We sat there for a moment and I waited. For anything. His voice. A question. Even something small and pointless about the weather.

He got out of the car.

I followed.

Inside he went straight upstairs. The shower ran. No questions. No conversation. Just water and then silence and then nothing.

I stood in the kitchen.

I poured a glass of water I did not drink. There was a ring on the counter near the kettle. A brown circle from a mug set down in the same spot too many times. I had been meaning to clean it for weeks.

I looked at it.

I did not wipe it.

Upstairs the shower stopped. His footsteps crossed the bedroom floor. The lamp clicked off.

I stood in the kitchen a little longer than I needed to.

Then I went up.

Donald was already in bed, back turned to my side, lamp off. I changed in the dark and lay down beside him and stared at the ceiling. His breathing was already slow and even.

Nothing chased Donald Hargrove into the night.

Nothing ever did.

I lay there and thought about the terrace.

Not what Kelvin said. The way he said my name. Like it still belonged to him. Like four years and a ring and another man’s house around me had not changed a single thing about that.

And his hand.

I could not stop going back to it. Him reaching out and tucking that strand of hair behind my ear like he had every right. My skin was still warm where his fingers had been and before I could stop myself I pressed the back of my hand to my cheek in the dark.

I stopped myself.

My phone was face down on the nightstand.

I told myself I was not going to look at it. I held that for about four minutes. Then I turned on my side, careful not to disturb Donald’s breathing, and reached for it anyway.

One notification. Unknown number. Sent forty minutes ago.

You still smoke the same brand.

I stared at it until I forgot to breathe.

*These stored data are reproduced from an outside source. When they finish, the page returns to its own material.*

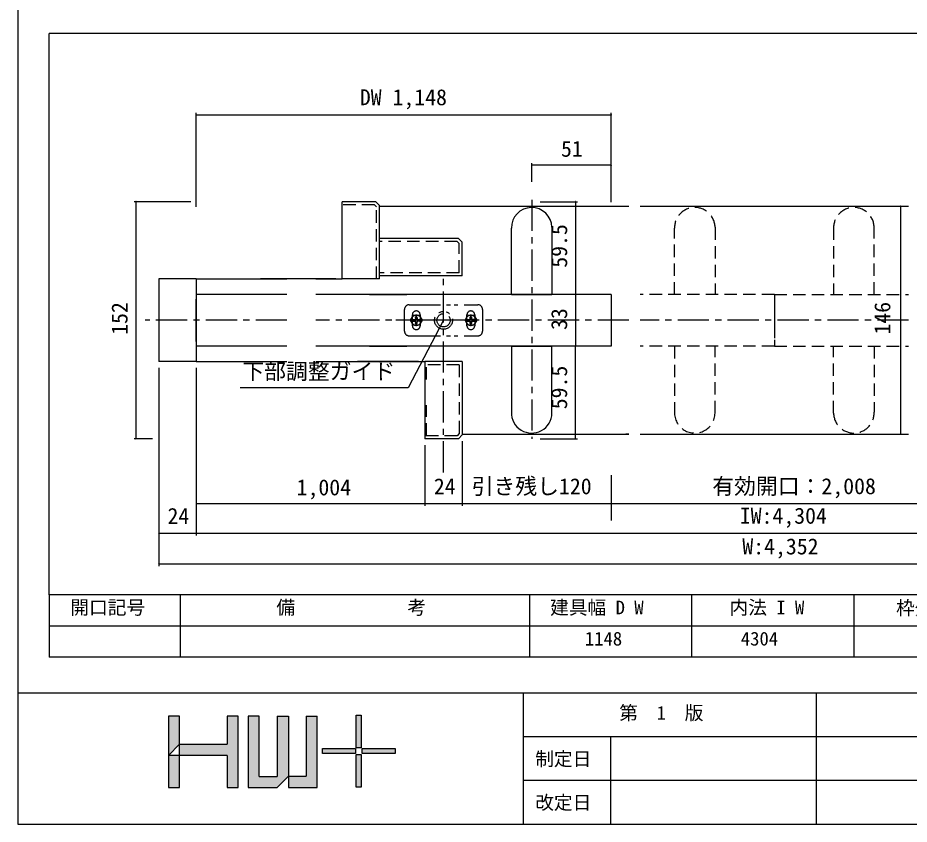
# Model space of a CAD drawing. Units: millimetres, scale not verified. Extents: x -600 to 600, y -416 to 416.
# Drawn here: x -600 to -171.4, y -415.5 to -27.8 of the extents above; entities that cross this region are included whole.
import ezdxf
from ezdxf.enums import TextEntityAlignment as Align

# ---------------------------------------------------------------- set-up
doc = ezdxf.new("R2010")
doc.units = ezdxf.units.MM
doc.header["$LTSCALE"] = 3
for name, pattern in [('CHAIN1', [8, 5, -1, 1, -1]), ('DOUBLE_CHAIN1', [8.8, 5, -1, 0.6, -0.6, 0.6, -1]), ('USER9', [3, 2, -1])]:
    doc.linetypes.add(name, pattern=pattern)
for name, color, linetype, lineweight in [('1-0', 7, 'Continuous', 25), ('1-3_0', 7, 'Continuous', 25), ('2-0', 7, 'Continuous', 25)]:
    doc.layers.add(name, color=color, linetype=linetype, lineweight=lineweight)
doc.styles.add('ＭＳ ゴシック', font='')
doc.styles.get('ＭＳ ゴシック').set_extended_font_data('MS Gothic')

msp = doc.modelspace()

# ---------------------------------------------------------------- linework, layer by layer
at = {"layer": '1-0'}
for p, q in [((114, -35.25), (-585, -35.25)), ((114, -35.25), (-585, -35.25)), ((-585, -305.25), (-585, -35.25)), ((114, -305.25), (-585, -305.25)), ((-357, -352.5), (-357, -415.5))]:
    msp.add_line(p, q, dxfattribs=at)
at = {"layer": '1-3_0'}
for p, q in [((114, -35.25), (-585, -35.25)), ((114, -35.25), (-585, -35.25)), ((-585, -305.25), (-585, -35.25)), ((114, -305.25), (-585, -305.25)), ((114, -305.25), (-585, -305.25)), ((-585, -305.25), (-585, -335.25)), ((-522, -305.25), (-522, -335.25)), ((-354, -305.25), (-354, -335.25)), ((-276, -305.25), (-276, -335.25)), ((-198, -305.25), (-198, -335.25)), ((114, -320.25), (-585, -320.25)), ((114, -335.25), (-585, -335.25)), ((600, -352.5), (-600, -352.5)), ((-357, -352.5), (-357, -415.5)), ((-216, -352.5), (-216, -415.5)), ((-527.553, -363.525), (-527.553, -397.807)), ((-522.21, -363.525), (-527.553, -363.525)), ((-493.993, -363.525), (-499.335, -363.525)), ((-499.335, -363.525), (-499.335, -377.103)), ((-483.904, -363.525), (-489.246, -363.525)), ((-489.246, -363.525), (-489.246, -397.807)), ((-483.894, -392.369), (-483.894, -363.525)), ((-475.244, -363.531), (-469.911, -363.531)), ((-475.236, -363.525), (-475.236, -392.509)), ((-469.911, -363.532), (-469.911, -397.807)), ((-461.406, -363.532), (-456.015, -363.532)), ((-461.388, -363.532), (-461.388, -392.485)), ((-456.015, -397.807), (-456.015, -363.532)), ((-527.553, -382.456), (-522.2, -377.103)), ((-522.2, -377.103), (-499.335, -377.103)), ((600, -373.5), (-357, -373.5)), ((-315, -373.5), (-315, -415.5)), ((-499.335, -382.456), (-527.553, -382.456)), ((-489.246, -382.468), (-489.246, -382.768)), ((-483.894, -392.509), (-483.894, -382.298)), ((-483.894, -392.509), (-475.236, -392.509)), ((-475.236, -397.807), (-469.913, -392.485)), ((-469.911, -392.485), (-461.388, -392.485)), ((-489.246, -397.807), (-475.236, -397.807)), ((-469.911, -397.807), (-456.015, -397.807)), ((18, -394.5), (-357, -394.5))]:
    msp.add_line(p, q, dxfattribs=at)
for points in [[(-600, -415.5), (600, -415.5), (600, 415.5), (-600, 415.5)], [(-437.24, -363.007), (-434.87, -363.007), (-434.87, -378.716), (-437.24, -378.716)], [(-453.506, -379.131), (-437.636, -379.131), (-437.636, -381.555), (-453.506, -381.555)], [(-434.474, -379.131), (-418.604, -379.131), (-418.604, -381.555), (-434.474, -381.555)], [(-437.24, -382.038), (-434.87, -382.038), (-434.87, -397.746), (-437.24, -397.746)]]:
    msp.add_lwpolyline(points, close=True, dxfattribs=at)
for points in [[(-527.553, -397.807), (-522.2, -397.807), (-522.2, -382.298), (-522.2, -363.525)], [(-499.335, -397.807), (-493.983, -397.807), (-493.983, -382.298), (-493.983, -363.525)], [(-499.335, -382.468), (-499.335, -382.768), (-499.335, -397.807)]]:
    msp.add_lwpolyline(points, dxfattribs=at)
at = {"layer": '1-3_0', "color": 134}
for points in [[(-527.553, -363.525), (-522.2, -363.525), (-527.553, -382.456), (-522.2, -377.103)], [(-499.335, -397.807), (-493.983, -397.807), (-493.993, -363.525)], [(-499.335, -397.807), (-493.993, -363.525), (-499.335, -363.525)], [(-483.904, -363.525), (-489.246, -363.525), (-489.246, -397.807)], [(-489.246, -397.807), (-483.894, -392.369), (-483.904, -363.525)], [(-469.913, -392.485), (-469.911, -363.532), (-475.236, -363.531)], [(-469.913, -392.485), (-475.236, -363.531), (-475.236, -392.509)], [(-456.015, -397.807), (-456.015, -363.532), (-461.388, -363.532)], [(-456.015, -397.807), (-461.388, -363.532), (-461.388, -392.485)], [(-437.24, -363.007), (-434.87, -363.007), (-437.24, -378.716), (-434.87, -378.716)], [(-522.2, -377.103), (-499.335, -382.468), (-522.2, -382.456)], [(-499.335, -377.103), (-522.2, -377.103), (-499.387, -382.456)], [(-499.335, -377.103), (-499.387, -382.456), (-499.335, -397.807)], [(-437.636, -379.131), (-453.506, -379.131), (-437.636, -381.555), (-453.506, -381.555)], [(-434.474, -379.131), (-418.604, -379.131), (-434.474, -381.555), (-418.604, -381.555)], [(-527.553, -382.456), (-527.553, -397.807), (-522.2, -382.456), (-522.2, -397.807)], [(-437.24, -382.038), (-434.87, -382.038), (-437.24, -397.746), (-434.87, -397.746)], [(-489.246, -397.807), (-475.236, -392.509), (-483.894, -392.369)], [(-489.246, -397.807), (-475.236, -397.807), (-469.913, -392.485)], [(-489.246, -397.807), (-469.913, -392.485), (-475.236, -392.509)], [(-469.911, -392.485), (-469.911, -397.807), (-456.015, -397.807)], [(-456.015, -397.807), (-461.388, -392.485), (-469.911, -392.485)]]:
    msp.add_solid(points, dxfattribs=at)
at = {"layer": '1-3_0'}
for points in [[(-527.553, -363.525), (-522.21, -363.525), (-527.553, -382.456), (-522.2, -377.103)], [(-499.335, -397.807), (-493.983, -397.807), (-493.983, -363.525)], [(-499.335, -397.807), (-493.983, -363.525), (-499.335, -377.103)], [(-499.335, -363.525), (-499.335, -377.103), (-493.993, -363.525)], [(-483.904, -363.525), (-489.246, -363.525), (-489.246, -397.807)], [(-489.246, -397.807), (-483.894, -392.369), (-483.904, -363.525)], [(-469.913, -392.485), (-469.911, -363.531), (-475.236, -363.531)], [(-469.913, -392.485), (-475.236, -363.531), (-475.236, -392.509)], [(-456.015, -397.807), (-456.015, -363.532), (-461.406, -363.532)], [(-456.015, -397.807), (-461.406, -363.532), (-461.388, -392.485)], [(-437.24, -378.716), (-434.87, -378.716), (-437.24, -363.007), (-434.87, -363.007)], [(-522.2, -377.103), (-522.2, -382.298), (-499.387, -382.456)], [(-499.335, -377.103), (-522.2, -377.103), (-499.387, -382.456)], [(-499.335, -377.103), (-499.387, -382.456), (-499.335, -397.807)], [(-453.506, -379.131), (-453.506, -381.555), (-437.636, -379.131), (-437.636, -381.555)], [(-434.474, -379.131), (-434.474, -381.555), (-418.604, -379.131), (-418.604, -381.555)], [(-527.553, -397.807), (-527.553, -382.456), (-522.2, -397.807), (-522.2, -382.298)], [(-437.24, -382.038), (-437.24, -397.746), (-434.87, -382.038), (-434.87, -397.746)], [(-489.246, -397.807), (-475.236, -392.509), (-483.894, -392.369)], [(-489.246, -397.807), (-475.236, -397.807), (-469.913, -392.485)], [(-489.246, -397.807), (-469.913, -392.485), (-475.236, -392.509)], [(-469.913, -392.485), (-469.911, -397.807), (-456.015, -397.807)], [(-456.015, -397.807), (-461.388, -392.485), (-469.913, -392.485)]]:
    msp.add_solid(points, dxfattribs=at)
at = {"layer": '2-0'}
for p, q in [((-514.176, -118.712), (-514.176, -73.489)), ((-514.176, -74.426), (-314.635, -74.426)), ((-314.635, -116.462), (-314.635, -73.489)), ((-352.885, -106.603), (-352.885, -97.706)), ((-314.635, -98.643), (-352.885, -98.643)), ((-516.878, -116.191), (-544.088, -116.191)), ((-543.151, -230.191), (-543.151, -116.191)), ((-306.117, -118.441), (-426.021, -118.441)), ((-348.824, -116.191), (-330.81, -116.191)), ((-331.747, -116.191), (-331.747, -160.816)), ((-306.117, -118.441), (-307.548, -118.441)), ((-175.507, -118.441), (-175.507, -227.941)), ((-343.135, -128.48), (-343.135, -160.816)), ((-362.635, -160.816), (-362.635, -128.941)), ((-426.021, -151.816), (-426.021, -133.816)), ((-532.176, -153.316), (-532.176, -193.066)), ((-514.176, -153.316), (-532.176, -153.316)), ((-514.176, -153.316), (-514.176, -193.066)), ((-514.176, -153.316), (-470.589, -153.316)), ((-447.021, -153.316), (-483.226, -153.316)), ((-456.743, -153.316), (-444.021, -153.316)), ((-386.271, -151.816), (-426.021, -151.816)), ((-470.589, -160.816), (-514.176, -160.816)), ((-314.635, -160.816), (-456.743, -160.816)), ((-430.96, -160.816), (-412.946, -160.816)), ((-423.46, -160.816), (-412.946, -160.816)), ((-362.635, -160.816), (-343.135, -160.816)), ((-331.747, -160.816), (-331.747, -185.566)), ((-314.635, -160.816), (-314.635, -185.566)), ((-514.176, -183.316), (-514.176, -163.066)), ((-395.271, -173.191), (-412.262, -205.68)), ((-470.589, -185.566), (-514.176, -185.566)), ((-314.635, -185.566), (-456.743, -185.566)), ((-430.96, -185.566), (-412.946, -185.566)), ((-423.46, -185.566), (-412.946, -185.566)), ((-362.635, -185.566), (-343.135, -185.566)), ((-362.635, -185.566), (-362.635, -217.441)), ((-343.135, -217.903), (-343.135, -185.566)), ((-331.747, -230.191), (-331.747, -185.566)), ((-514.176, -193.066), (-532.176, -193.066)), ((-532.176, -196.066), (-532.176, -276.609)), ((-532.176, -196.066), (-532.176, -291.36)), ((-514.176, -193.066), (-470.589, -193.066)), ((-514.176, -196.066), (-514.176, -262.402)), ((-514.176, -196.066), (-514.176, -276.609)), ((-514.176, -196.066), (-514.176, -276.609)), ((-456.743, -193.066), (-404.271, -193.066)), ((-407.271, -193.066), (-436.585, -193.066)), ((-404.271, -193.066), (-404.271, -230.191)), ((-386.271, -193.066), (-404.271, -193.066)), ((-412.262, -205.68), (-493.155, -205.68)), ((-535.297, -230.191), (-544.088, -230.191)), ((-386.271, -227.941), (-306.117, -227.941)), ((-386.271, -231.316), (-386.271, -262.402)), ((-386.271, -231.316), (-386.271, -262.402)), ((-348.824, -230.191), (-330.81, -230.191)), ((-306.117, -227.941), (-307.548, -227.941)), ((-404.271, -233.191), (-404.271, -262.402)), ((-404.271, -233.191), (-404.271, -262.402)), ((-314.635, -247.598), (-314.635, -269.492)), ((-314.635, -247.598), (-314.635, -269.492)), ((-404.271, -261.465), (-514.176, -261.465)), ((-386.271, -261.465), (-404.271, -261.465)), ((-86.117, -261.465), (-386.271, -261.465)), ((-514.176, -275.671), (-532.176, -275.671))]:
    msp.add_line(p, q, dxfattribs=at)
at = {"layer": '2-0', "linetype": 'CHAIN1'}
for p, q in [((-352.885, -115.208), (-352.885, -230.265)), ((-395.271, -246.316), (-395.271, -152.687)), ((-470.589, -173.191), (-538.779, -173.191)), ((-306.117, -173.191), (-456.743, -173.191)), ((-388.71, -173.191), (-418.202, -173.191)), ((-171.648, -173.191), (-300.741, -173.191))]:
    msp.add_line(p, q, dxfattribs=at)
at = {"layer": '2-0', "linetype": 'USER9'}
for p, q in [((-264.694, -128.48), (-264.694, -160.816)), ((-207.695, -128.48), (-207.695, -160.816)), ((-284.195, -160.816), (-284.195, -128.941)), ((-188.194, -160.816), (-188.194, -128.941)), ((-387.771, -150.316), (-426.021, -150.316)), ((-236.194, -160.816), (-300.741, -160.816)), ((-236.194, -160.816), (-236.194, -181.816)), ((-236.194, -160.816), (-171.648, -160.816)), ((-236.194, -185.566), (-300.741, -185.566)), ((-284.195, -185.566), (-284.195, -217.441)), ((-264.694, -217.903), (-264.694, -185.566)), ((-207.695, -217.903), (-207.695, -185.566)), ((-188.194, -185.566), (-188.194, -217.441)), ((-387.771, -194.566), (-403.521, -194.566)), ((-403.521, -201.691), (-403.521, -194.566)), ((-403.521, -228.691), (-403.521, -214.066))]:
    msp.add_line(p, q, dxfattribs=at)
at = {"layer": '2-0', "linetype": 'DOUBLE_CHAIN1'}
for p, q in [((-411.772, -165.691), (-378.771, -165.691)), ((-414.022, -178.441), (-414.022, -167.941)), ((-410.272, -175.816), (-410.272, -170.566)), ((-406.522, -170.566), (-406.522, -175.816)), ((-384.021, -175.816), (-384.021, -170.566)), ((-380.271, -170.566), (-380.271, -175.816)), ((-376.521, -167.941), (-376.521, -178.441)), ((-409.225, -172.798), (-409.074, -172.949)), ((-409.074, -173.434), (-409.225, -173.585)), ((-408.79, -172.363), (-408.639, -172.514)), ((-408.154, -172.514), (-408.003, -172.363)), ((-408.003, -174.02), (-408.154, -173.868)), ((-407.719, -172.949), (-408.016, -172.811)), ((-407.719, -173.434), (-407.568, -173.585)), ((-382.824, -172.949), (-382.975, -172.798)), ((-382.824, -173.434), (-382.975, -173.585)), ((-382.54, -174.02), (-382.389, -173.868)), ((-382.389, -172.514), (-382.527, -172.811)), ((-381.753, -172.363), (-381.904, -172.514)), ((-381.904, -173.868), (-381.753, -174.02)), ((-381.469, -172.949), (-381.318, -172.798)), ((-411.772, -180.691), (-378.771, -180.691))]:
    msp.add_line(p, q, dxfattribs=at)
at = {"layer": '2-0'}
for points in [[(-426.021, -153.316), (-444.021, -153.316), (-444.021, -116.191)], [(-426.021, -153.316), (-426.021, -118.066), (-427.896, -116.191), (-444.021, -116.191)], [(-171.648, -118.441), (-236.194, -118.441), (-300.741, -118.441)], [(-386.271, -151.816), (-386.271, -135.691), (-388.146, -133.816), (-426.021, -133.816)], [(-386.271, -193.066), (-386.271, -228.316), (-388.146, -230.191), (-404.271, -230.191)], [(-300.741, -227.941), (-236.194, -227.941), (-171.648, -227.941)], [(59.441, -275.671), (-236.194, -275.671), (-514.176, -275.671)], [(77.441, -290.422), (-236.194, -290.422), (-532.176, -290.422)]]:
    msp.add_lwpolyline(points, dxfattribs=at)
at = {"layer": '2-0', "linetype": 'USER9'}
for points in [[(-427.521, -153.316), (-427.521, -118.688), (-428.518, -117.691), (-444.021, -117.691)], [(-387.771, -150.316), (-387.771, -136.313), (-388.768, -135.316), (-426.021, -135.316)], [(-236.194, -164.566), (-236.194, -185.566), (-171.648, -185.566)], [(-387.771, -194.566), (-387.771, -227.695), (-388.768, -228.691), (-404.271, -228.691)]]:
    msp.add_lwpolyline(points, dxfattribs=at)
at = {"layer": '2-0', "linetype": 'DOUBLE_CHAIN1'}
for points in [[(-411.202, -173.191), (-409.799, -170.762), (-406.994, -170.762), (-405.592, -173.191), (-406.994, -175.62), (-409.799, -175.62)], [(-380.744, -175.62), (-383.549, -175.62), (-384.951, -173.191), (-383.549, -170.762), (-380.744, -170.762), (-379.341, -173.191)], [(-410.021, -172.843), (-409.225, -172.798), (-408.928, -172.659), (-408.777, -172.811), (-409.074, -172.949), (-409.198, -172.946)], [(-408.154, -172.514), (-408.151, -172.389), (-408.048, -171.568), (-408.003, -172.363), (-407.865, -172.659), (-408.016, -172.811)], [(-408.016, -173.572), (-407.719, -173.434), (-407.595, -173.437), (-406.772, -173.54), (-407.568, -173.585), (-407.865, -173.723)], [(-382.948, -172.946), (-383.771, -172.843), (-382.975, -172.798), (-382.678, -172.659), (-382.527, -172.811), (-382.824, -172.949)], [(-382.495, -174.815), (-382.54, -174.02), (-382.678, -173.723), (-382.527, -173.572), (-382.389, -173.868), (-382.392, -173.993)], [(-381.766, -172.811), (-381.904, -172.514), (-381.901, -172.389), (-381.798, -171.568), (-381.753, -172.363), (-381.615, -172.659)]]:
    msp.add_lwpolyline(points, close=True, dxfattribs=at)
for points in [[(-408.777, -173.572), (-409.074, -173.434), (-409.198, -173.437), (-410.021, -173.54)], [(-410.021, -173.54), (-409.225, -173.585), (-408.928, -173.723), (-408.79, -174.02), (-408.745, -174.815), (-408.642, -173.993), (-408.639, -173.868), (-408.79, -174.02)], [(-408.777, -172.811), (-408.639, -172.514), (-408.642, -172.389), (-408.745, -171.568), (-408.79, -172.363), (-408.928, -172.659)], [(-408.639, -173.868), (-408.777, -173.572), (-408.928, -173.723)], [(-408.016, -173.572), (-408.154, -173.868), (-408.151, -173.993), (-408.048, -174.815), (-408.003, -174.02), (-407.865, -173.723)], [(-407.865, -172.659), (-407.568, -172.798), (-406.772, -172.843), (-407.595, -172.946), (-407.719, -172.949), (-407.568, -172.798)], [(-382.527, -173.572), (-382.824, -173.434), (-382.948, -173.437), (-383.771, -173.54), (-382.975, -173.585), (-382.678, -173.723)], [(-382.678, -172.659), (-382.54, -172.363), (-382.495, -171.568), (-382.392, -172.389), (-382.389, -172.514), (-382.54, -172.363)], [(-381.766, -173.572), (-381.904, -173.868), (-381.901, -173.993), (-381.798, -174.815)], [(-381.798, -174.815), (-381.753, -174.02), (-381.615, -173.723), (-381.318, -173.585), (-380.521, -173.54), (-381.345, -173.437), (-381.469, -173.434), (-381.318, -173.585)], [(-381.766, -172.811), (-381.469, -172.949), (-381.345, -172.946), (-380.521, -172.843), (-381.318, -172.798), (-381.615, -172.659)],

I knew before I typed back. I knew and I typed anyway.

Me: Who is this.

The reply came in under a minute.

Kelvin: Someone who noticed.

Me: Kelvin.

Kelvin: How did you know it was me.

Me: Because no one else would text me about cigarettes at midnight.

Kelvin: Fair enough. Do you want to get the number question out of the way first.

Me: Where did you get my number.

Kelvin: That stays where it came from.

Me: That is not an answer.

Kelvin: No. It isn’t.

I lay there in the dark with the phone above my face. Donald’s breathing stayed even behind me, like nothing in the world had shifted at all. The room was exactly the same as it had been an hour ago. The same ceiling. The same dark. The same man behind me.

Nothing was the same.

Then the three dots appeared.

He was typing.

Then they stopped.

Then they started again.

My thumb stopped moving before I realised why.

Kelvin: How are you, Anita. Actually. How are you.

I read it once.

I read it again.

I put the phone down and stared at the ceiling and my throat closed in a way I was not ready for.

How are you, Anita. Actually. How are you.

Nobody had asked me that. Not like that. Not with the actually in it, like the performed answer was not what he was after.

Four years of Donald’s silence in the car. The ring on the kettle counter. The sketchbooks in their box. The wrong coffee every morning. Four years of being very fine, very composed, very capable of performing a version of myself that was correct in every way that mattered to everyone except me.

And Kelvin Rae texts me at midnight and asks how I actually am.

I told myself no.

And reached for the phone anyway.

I did not answer the message. I just held it. Lay there on my side with Donald breathing behind me, his breathing steady and unbothered, like nothing in the world had shifted at all.

I closed my eyes.

I did not sleep.

I lay there until the dark outside softened. Black to grey. Grey to the pale white of a morning that does not care what the night before contained.

When my phone lit up I already knew.

Kelvin: Good morning, Anita.

I looked at it for a long time.

I did not answer.

I did not put it down either. Even when I told myself I would.